The New Frontier's style has several influences: Jack Kirby's squared fingers, muscles and jaws; the clean lines of Golden Age-era comics; the Fleischer Superman cartoons; Batman: The Animated Series, and other shows in the DC Animated Universe; Cooke was an artist on many of the latter. His style resembles that of Bruce Timm.

==Awards==
The series received Eisner Awards for Best Limited Series, Best Coloring and Best Publication Design, Harvey Awards for Best Artist, Best Colorist and Best Continuing or Limited Series and received the Shuster Award for Outstanding Canadian Comic Book Cartoonist (Writer-Artist). In 2007, when the series was released as an Absolute Edition, it received an Eisner Award for Best Graphic Album (Reprint) and a Harvey Award for Best Graphic Album of Previously Published Work.

==In other media==
The story was adapted as a direct-to-video animated film called Justice League: The New Frontier, written by Stan Berkowitz and produced by Bruce Timm with Darwyn Cooke as story and visual consultant. Rated PG-13, it was released in the United States on February 26, 2008 on DVD, HD DVD, Blu-ray and pay-per-view.

==Collections==
As of January 2026, the series has been collected in two softcover collections, an Absolute Edition, a deluxe edition, a DC Black Label Edition, and a DC Compact Comics Edition:
- DC: The New Frontier: Volume One (#1-3; ISBN 1401203507)
- DC: The New Frontier: Volume Two (#4-6; ISBN 1401204619)
- DC: The New Frontier: Absolute Edition (#1-6; ISBN 1401210805)
- DC: The New Frontier Absolute Edition: 15th Anniversary Edition (#1-6, behind-the-scenes material, material from Solo #5, and the Justice League: The New Frontier Special; ISBN 978-1779501394
- DC: The New Frontier: Deluxe Edition (#1-6, material from DC The New Frontier: Absolute Edition, and the Justice League: The New Frontier Special; ISBN 1401248888)
- DC: The New Frontier (DC Black Label Edition) (#1-6, behind-the-scenes material, and the Justice League: The New Frontier Special; ISBN 1401290922)
- DC: The New Frontier (DC Compact Comics Edition) (#1-6; ISBN 9781799502340)

==Merchandise==
DC Direct first released a line of action figures based on the series in July 2006:
- Wave 1 - Blackhawk, Green Arrow, Green Lantern, Superman, and Wonder Woman (July 2006)
- Wave 2 - Batman, Dr.
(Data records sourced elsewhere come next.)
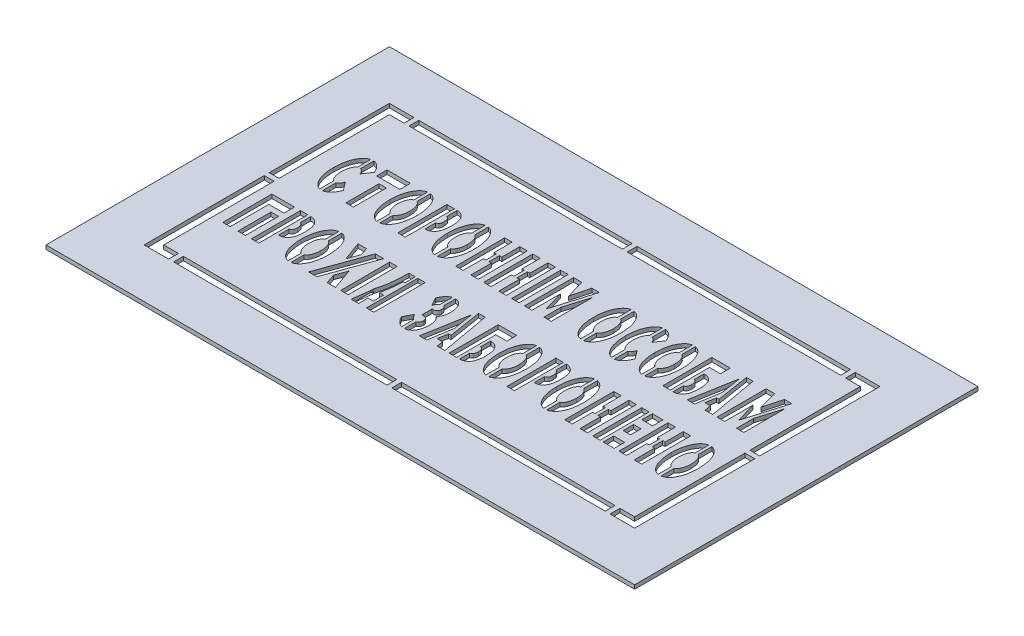
SolidWorks part; units mm, degrees
ref_plane "Спереди" through (0, 0, 0) normal (0, 0, 1) x (1, 0, 0)
ref_plane "Сверху" through (0, 0, 0) normal (0, 1, 0) x (1, 0, 0)
ref_plane "Справа" through (0, 0, 0) normal (1, 0, 0) x (0, 0, -1)
sketch "Эскиз1" plane through (0, 0, 0) normal (0, 1, 0) x (1, 0, 0)
  line L0 (25, 250) -> (25, 240)
  line L1 (0, 250) -> (500, 250)
  line L2 (0, 250) -> (0, 0)
  line L3 (0, 0) -> (500, 0)
  line L4 (500, 250) -> (500, 0)
  line L5 (30, 250) -> (30, 240)
  line L6 (0, 125) -> (-49.6951, 125) construction
  line L7 (10, 240) -> (490, 240)
  line L8 (10, 240) -> (10, 10)
  line L9 (10, 10) -> (490, 10)
  line L10 (490, 240) -> (490, 10)
  line L11 (250, 250) -> (250, 284.0129) construction
  line L12 (470, 250) -> (470, 240)
  line L13 (475, 250) -> (475, 240)
  line L14 (247.5, 250) -> (247.5, 240)
  line L15 (252.5, 250) -> (252.5, 240)
  line L16 (475, 0) -> (475, 10)
  line L17 (470, 0) -> (470, 10)
  line L18 (30, 0) -> (30, 10)
  line L19 (25, 0) -> (25, 10)
  line L20 (252.5, 0) -> (252.5, 10)
  line L21 (247.5, 0) -> (247.5, 10)
  line L22 (0, 127.5) -> (10, 127.5)
  line L23 (0, 122.5) -> (10, 122.5)
  line L24 (500, 122.5) -> (490, 122.5)
  line L25 (500, 127.5) -> (490, 127.5)
  line L27 (-50, -50) -> (550, -50)
  line L28 (-50, -50) -> (-50, 300)
  line L29 (-50, 300) -> (550, 300)
  line L30 (550, -50) -> (550, 300)
  point P0 (0, 0)
  point P6 (0, 0)
  dimension "D1" = 500
  dimension "D2" = 250
  dimension "D3" = 10
  dimension "D4" = 10
  dimension "D5" = 10
  dimension "D6" = 10
  dimension "D7" = 5
  dimension "D8" = 15
  dimension "D9" = 5
  dimension "D10" = 5
  dimension "D11" = 600
  dimension "D12" = 350
  dimension "D13" = 50
  dimension "D14" = 50
extrude "Бобышка-Вытянуть1" add sketch "Эскиз1" along normal blind 4 contours L10 L7 L8 L9 | L19 L3 L18 L9 | L21 L3 L20 L9 | L17 L3 L16 L9 | L4 L25 L10 L24 | L13 L1 L12 L7 | L15 L1 L14 L7 | L0 L7 L5 L1 | L2 L23 L8 L22 | L27 L30 L29 L28 L1 L4 L3 L2 region at (27.5, 0, -245) region at (250, 0, -125) region at (5, 0, -125) region at (250, 0, -245) region at (472.5, 0, -245) region at (27.5, 0, -5) region at (250, 0, -5) region at (495, 0, -125) region at (472.5, 0, -5) region at (-43.0538, 0, -125)
sketch "Эскиз2" plane through (0, 4, 0) normal (0, 1, 0) x (1, 0, 0)
  line L0 (14.7357, 140) -> (485.2643, 140) construction
  line L2 (250, 140) -> (250, 300) construction
  line L3 (-50, 300) -> (550, 300) construction
  line L4 (14.7357, 60) -> (485.2643, 60) construction
  line L5 (485.2643, 60) -> (485.2643, 140) construction
  line L6 (14.7357, 140) -> (14.7357, 60) construction
  line L7 (-50, 125) -> (-122.4254, 125) construction
  line L8 (-50, -50) -> (-50, 300) construction
  line L12 (0, 0) -> (25, 0) construction
  text T0 "СТОРОННІМ ОСОБАМ" font "Sargento Gorila" height 50
  text T1 "ПРОХІД ЗАБОРОНЕНО" font "Sargento Gorila" height 50
  dimension "D1" = 15
  dimension "D2" = 65
  dimension "D3" = 60
extrude "Вырез-Вытянуть1" cut sketch "Эскиз2" against normal blind 4

Fate, Martian Manhunter and The Flash (December 12, 2007)

A box set of Batman, Superman, Green Lantern and Wonder Woman (with a new head), including a reprint of Justice League: The New Frontier Special, was released in April 2009.

==Sequels==

- Solo #5 (2005), written and drawn by Darwyn Cooke, included a short story ("Triangulation: A New Frontier Thriller", also known as "King of America") with King Faraday set in pre-revolutionary Cuba.
- Justice League: The New Frontier Special was released in May 2008 as a follow-up to the Justice League: The New Frontier DVD. Stories included Batman vs. Superman, a post-New Frontier story where Robin teams up with Kid Flash for the first time and a Mad Magazine-style story with Wonder Woman and Black Canary.